During a recent underwater utility survey in San Francisco Bay, MBC located a sunken barge partially buried in the mud. It is not unusual to find a sunken barge using side-scan sonar, but imaging a sunken barge with a sub-bottom profiler is quite rare. We had an opportunity to do so.
MBC frequently uses side-scan sonar and subbottom profiler equipment to conduct underwater utility surveys that locate buried pipelines, communications cables, and other obstructions that might interfere with marine construction projects. MBC’s side-scan sonar provides acoustic images of the seafloor analogous to an aerial photograph, while our subbottom profiler collects cross-sectional images of geological features buried beneath the seafloor.
In the recent San Francisco Bay survey, MBC used our 600kHz Edgetech (https://www.edgetech.com/) Model 4125 side-scan sonar to obtain a high-resolution image of the sunken barge (Figure 1).
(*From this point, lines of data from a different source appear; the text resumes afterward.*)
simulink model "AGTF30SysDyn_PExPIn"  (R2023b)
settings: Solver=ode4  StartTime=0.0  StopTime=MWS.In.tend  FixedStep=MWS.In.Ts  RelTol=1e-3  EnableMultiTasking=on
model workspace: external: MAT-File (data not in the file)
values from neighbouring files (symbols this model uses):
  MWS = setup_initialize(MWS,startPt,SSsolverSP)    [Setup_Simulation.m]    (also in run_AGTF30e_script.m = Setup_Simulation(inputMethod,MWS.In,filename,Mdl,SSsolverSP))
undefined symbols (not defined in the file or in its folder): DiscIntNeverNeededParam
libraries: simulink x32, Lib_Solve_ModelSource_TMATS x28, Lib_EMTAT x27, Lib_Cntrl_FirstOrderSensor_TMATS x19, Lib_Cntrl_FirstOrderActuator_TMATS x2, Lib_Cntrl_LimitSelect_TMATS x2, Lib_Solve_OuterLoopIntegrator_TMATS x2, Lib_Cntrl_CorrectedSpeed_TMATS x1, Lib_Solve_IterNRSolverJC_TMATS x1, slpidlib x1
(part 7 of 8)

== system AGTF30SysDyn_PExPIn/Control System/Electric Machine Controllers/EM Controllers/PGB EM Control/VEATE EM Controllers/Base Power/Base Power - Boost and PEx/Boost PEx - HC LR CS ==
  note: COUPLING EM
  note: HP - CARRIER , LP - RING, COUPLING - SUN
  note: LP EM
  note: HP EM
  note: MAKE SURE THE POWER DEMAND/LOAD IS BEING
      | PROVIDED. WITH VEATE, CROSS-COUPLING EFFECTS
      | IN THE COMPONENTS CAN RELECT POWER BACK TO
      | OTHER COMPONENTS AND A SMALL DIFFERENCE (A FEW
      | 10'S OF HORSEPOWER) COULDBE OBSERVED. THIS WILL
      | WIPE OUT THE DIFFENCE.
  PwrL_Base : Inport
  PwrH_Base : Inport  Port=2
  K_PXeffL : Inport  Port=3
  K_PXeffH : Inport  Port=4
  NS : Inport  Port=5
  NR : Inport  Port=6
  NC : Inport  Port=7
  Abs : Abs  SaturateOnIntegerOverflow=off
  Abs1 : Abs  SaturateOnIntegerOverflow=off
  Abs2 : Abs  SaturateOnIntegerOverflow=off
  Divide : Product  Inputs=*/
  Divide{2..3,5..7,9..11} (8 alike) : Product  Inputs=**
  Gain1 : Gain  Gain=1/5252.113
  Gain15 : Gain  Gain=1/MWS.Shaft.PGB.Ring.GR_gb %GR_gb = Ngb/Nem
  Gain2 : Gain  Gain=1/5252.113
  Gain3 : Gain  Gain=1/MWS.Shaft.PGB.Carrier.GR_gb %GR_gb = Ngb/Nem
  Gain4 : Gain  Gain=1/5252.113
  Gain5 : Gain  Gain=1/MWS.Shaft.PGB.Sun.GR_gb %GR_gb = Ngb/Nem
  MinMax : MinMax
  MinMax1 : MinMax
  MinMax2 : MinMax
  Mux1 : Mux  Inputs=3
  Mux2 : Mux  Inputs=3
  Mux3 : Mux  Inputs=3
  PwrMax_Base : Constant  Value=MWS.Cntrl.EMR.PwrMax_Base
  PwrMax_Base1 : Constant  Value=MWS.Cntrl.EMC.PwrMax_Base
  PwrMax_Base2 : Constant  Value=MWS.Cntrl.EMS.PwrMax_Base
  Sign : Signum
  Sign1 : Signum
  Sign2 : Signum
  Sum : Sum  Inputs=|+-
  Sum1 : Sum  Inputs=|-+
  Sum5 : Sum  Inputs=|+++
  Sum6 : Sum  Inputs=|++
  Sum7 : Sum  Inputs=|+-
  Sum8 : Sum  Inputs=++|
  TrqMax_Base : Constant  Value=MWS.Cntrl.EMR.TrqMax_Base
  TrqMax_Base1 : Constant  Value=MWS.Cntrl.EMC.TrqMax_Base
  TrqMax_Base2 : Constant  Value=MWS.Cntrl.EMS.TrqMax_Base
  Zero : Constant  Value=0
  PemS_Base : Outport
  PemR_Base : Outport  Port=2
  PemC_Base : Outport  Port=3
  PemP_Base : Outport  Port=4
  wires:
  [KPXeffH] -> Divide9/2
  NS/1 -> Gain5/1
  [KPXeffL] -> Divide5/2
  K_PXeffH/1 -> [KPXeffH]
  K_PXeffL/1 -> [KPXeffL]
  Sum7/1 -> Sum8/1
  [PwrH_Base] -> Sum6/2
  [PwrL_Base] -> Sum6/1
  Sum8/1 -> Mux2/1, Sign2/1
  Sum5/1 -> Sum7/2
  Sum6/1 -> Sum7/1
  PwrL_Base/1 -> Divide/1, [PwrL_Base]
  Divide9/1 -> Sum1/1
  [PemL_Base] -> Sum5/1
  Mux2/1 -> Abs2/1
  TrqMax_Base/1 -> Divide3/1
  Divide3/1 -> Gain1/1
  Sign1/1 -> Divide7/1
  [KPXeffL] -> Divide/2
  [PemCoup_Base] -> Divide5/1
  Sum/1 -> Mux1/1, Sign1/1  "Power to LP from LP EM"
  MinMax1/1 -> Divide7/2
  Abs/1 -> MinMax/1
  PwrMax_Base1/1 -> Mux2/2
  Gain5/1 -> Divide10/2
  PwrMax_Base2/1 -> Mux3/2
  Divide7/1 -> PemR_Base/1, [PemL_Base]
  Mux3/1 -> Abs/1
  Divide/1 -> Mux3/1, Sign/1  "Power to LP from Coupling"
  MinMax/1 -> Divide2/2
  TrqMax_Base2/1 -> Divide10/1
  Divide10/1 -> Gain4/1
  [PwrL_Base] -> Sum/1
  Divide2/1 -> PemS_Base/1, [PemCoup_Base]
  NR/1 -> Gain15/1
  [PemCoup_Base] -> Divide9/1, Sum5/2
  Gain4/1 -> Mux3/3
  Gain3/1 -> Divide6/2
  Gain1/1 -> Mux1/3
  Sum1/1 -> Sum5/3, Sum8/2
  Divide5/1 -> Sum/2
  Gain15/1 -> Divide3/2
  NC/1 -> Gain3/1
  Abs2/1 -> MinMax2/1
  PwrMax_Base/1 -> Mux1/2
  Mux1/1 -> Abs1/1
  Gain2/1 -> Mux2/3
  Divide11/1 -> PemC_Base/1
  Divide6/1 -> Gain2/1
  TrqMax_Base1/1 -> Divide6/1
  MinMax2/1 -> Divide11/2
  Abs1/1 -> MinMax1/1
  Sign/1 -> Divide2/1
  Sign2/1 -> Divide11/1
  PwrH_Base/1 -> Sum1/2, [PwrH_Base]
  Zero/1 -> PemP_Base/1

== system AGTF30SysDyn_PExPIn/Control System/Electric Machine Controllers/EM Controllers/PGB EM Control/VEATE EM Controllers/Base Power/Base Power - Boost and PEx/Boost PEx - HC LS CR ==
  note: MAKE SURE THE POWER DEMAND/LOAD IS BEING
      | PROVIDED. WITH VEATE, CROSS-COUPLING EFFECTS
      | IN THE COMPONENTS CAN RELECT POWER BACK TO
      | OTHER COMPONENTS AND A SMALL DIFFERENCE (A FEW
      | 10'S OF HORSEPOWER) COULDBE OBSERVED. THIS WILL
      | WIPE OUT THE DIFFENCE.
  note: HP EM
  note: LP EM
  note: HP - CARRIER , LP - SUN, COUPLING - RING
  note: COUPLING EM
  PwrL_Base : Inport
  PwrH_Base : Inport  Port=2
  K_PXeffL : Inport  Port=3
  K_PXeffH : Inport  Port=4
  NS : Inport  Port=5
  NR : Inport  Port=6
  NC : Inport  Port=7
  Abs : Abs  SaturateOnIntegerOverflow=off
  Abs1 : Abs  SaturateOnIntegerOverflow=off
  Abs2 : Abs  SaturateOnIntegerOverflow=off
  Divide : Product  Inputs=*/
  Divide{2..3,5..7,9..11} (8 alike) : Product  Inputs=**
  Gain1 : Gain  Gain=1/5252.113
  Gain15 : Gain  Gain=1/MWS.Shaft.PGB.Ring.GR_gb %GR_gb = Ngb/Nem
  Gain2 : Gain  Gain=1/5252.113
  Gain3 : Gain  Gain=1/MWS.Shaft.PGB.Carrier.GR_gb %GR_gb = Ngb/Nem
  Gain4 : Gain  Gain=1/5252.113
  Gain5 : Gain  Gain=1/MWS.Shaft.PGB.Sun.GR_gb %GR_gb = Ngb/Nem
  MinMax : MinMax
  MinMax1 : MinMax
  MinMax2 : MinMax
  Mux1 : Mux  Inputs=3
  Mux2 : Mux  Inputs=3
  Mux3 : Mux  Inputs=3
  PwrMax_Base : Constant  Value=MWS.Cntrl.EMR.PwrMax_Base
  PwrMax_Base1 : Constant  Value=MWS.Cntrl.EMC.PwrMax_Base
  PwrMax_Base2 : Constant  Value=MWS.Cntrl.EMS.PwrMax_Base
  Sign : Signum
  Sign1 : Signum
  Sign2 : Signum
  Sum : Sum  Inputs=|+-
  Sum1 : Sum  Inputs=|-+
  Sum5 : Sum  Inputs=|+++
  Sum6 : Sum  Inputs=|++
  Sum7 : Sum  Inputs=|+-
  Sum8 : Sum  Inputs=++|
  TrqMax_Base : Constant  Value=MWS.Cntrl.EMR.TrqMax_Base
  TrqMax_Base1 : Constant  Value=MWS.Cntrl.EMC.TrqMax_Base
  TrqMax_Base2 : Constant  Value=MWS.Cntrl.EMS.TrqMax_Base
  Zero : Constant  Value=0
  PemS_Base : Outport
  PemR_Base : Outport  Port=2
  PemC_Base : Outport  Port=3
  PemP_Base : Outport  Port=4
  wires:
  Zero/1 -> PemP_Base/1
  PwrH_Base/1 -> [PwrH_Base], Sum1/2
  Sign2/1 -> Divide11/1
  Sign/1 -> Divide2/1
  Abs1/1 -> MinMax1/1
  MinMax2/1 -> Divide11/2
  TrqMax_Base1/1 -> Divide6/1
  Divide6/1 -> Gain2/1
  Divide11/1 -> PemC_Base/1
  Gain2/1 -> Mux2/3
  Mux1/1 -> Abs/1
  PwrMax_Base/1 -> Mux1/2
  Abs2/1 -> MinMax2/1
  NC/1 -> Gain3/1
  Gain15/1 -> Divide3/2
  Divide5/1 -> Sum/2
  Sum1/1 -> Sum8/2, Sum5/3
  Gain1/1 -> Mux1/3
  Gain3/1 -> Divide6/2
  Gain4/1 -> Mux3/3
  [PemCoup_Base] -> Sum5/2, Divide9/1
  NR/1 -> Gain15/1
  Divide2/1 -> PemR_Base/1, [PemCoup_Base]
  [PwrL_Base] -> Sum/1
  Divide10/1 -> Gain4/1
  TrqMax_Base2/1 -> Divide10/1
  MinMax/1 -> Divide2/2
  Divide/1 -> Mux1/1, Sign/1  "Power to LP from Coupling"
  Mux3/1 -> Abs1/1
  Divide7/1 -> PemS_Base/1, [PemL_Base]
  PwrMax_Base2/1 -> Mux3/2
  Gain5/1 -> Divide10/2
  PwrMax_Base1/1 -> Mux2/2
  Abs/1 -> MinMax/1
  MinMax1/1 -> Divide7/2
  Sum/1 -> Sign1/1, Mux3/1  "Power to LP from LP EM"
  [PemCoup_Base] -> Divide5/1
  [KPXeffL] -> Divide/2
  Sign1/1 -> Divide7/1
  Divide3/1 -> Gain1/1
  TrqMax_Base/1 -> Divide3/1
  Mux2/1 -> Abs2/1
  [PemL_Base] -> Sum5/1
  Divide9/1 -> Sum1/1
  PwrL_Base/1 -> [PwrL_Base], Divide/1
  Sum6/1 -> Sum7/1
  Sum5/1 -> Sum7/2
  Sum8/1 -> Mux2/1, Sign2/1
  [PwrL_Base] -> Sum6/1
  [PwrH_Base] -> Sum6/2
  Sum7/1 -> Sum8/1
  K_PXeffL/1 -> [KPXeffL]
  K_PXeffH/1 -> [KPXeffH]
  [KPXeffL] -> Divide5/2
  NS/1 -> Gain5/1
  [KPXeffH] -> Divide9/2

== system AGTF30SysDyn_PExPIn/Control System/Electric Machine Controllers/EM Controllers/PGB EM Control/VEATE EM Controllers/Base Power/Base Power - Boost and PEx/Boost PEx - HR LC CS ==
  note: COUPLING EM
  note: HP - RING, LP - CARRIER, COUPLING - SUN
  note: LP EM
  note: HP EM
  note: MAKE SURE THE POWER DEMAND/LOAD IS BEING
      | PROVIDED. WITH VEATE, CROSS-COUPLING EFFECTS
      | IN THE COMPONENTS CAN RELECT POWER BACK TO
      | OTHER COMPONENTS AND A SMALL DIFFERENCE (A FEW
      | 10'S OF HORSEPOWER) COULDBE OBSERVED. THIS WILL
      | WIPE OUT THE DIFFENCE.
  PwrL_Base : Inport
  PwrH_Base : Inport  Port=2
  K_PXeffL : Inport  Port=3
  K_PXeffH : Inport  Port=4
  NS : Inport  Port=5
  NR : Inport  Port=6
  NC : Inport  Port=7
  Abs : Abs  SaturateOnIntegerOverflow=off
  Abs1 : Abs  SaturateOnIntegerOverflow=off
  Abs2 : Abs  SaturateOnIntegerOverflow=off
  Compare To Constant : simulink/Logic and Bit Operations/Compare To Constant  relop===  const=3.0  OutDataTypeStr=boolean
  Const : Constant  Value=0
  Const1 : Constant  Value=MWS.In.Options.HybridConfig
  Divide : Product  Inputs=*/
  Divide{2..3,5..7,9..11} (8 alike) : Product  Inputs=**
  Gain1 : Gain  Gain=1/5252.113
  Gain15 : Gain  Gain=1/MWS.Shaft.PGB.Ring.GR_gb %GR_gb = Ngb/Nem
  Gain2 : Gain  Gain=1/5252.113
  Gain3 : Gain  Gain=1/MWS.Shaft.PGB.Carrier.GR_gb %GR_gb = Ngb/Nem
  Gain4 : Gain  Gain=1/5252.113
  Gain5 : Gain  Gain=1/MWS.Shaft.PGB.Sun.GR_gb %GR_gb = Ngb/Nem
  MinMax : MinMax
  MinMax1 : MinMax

The side-scan sonar image shows the 100’-long x 30’-wide sunken barge lying partially buried on the seafloor with hundreds of small (1’-2’ diameter) holes in the seafloor around it, likely caused by bottom-feeding fish. The large (5’-10’ diameter) holes in the sediment overlying the barge may be caused by the barge bottom collapsing and surficial sediments collapsing into the hole.
MBC obtained a subbottom-profiling image of the sunken barge (Figure 2) using an Edgetech Model 216S CHIRP subbottom profiling system. The subbottom profiling image shows that the barge is buried in the mud but it has not come to rest on the dense geological layer immediately below it. Strong tidal currents in San Francisco Bay have caused some interesting erosion of the sediments around the buried barge.
The sunken barge will not interfere with our client’s construction plans, so the engineering project will continue without our client having to remove the sunken barge from the site. Nevertheless, it’s always an adventure to stumble upon such unexpected items on the ocean floor. What will we find next?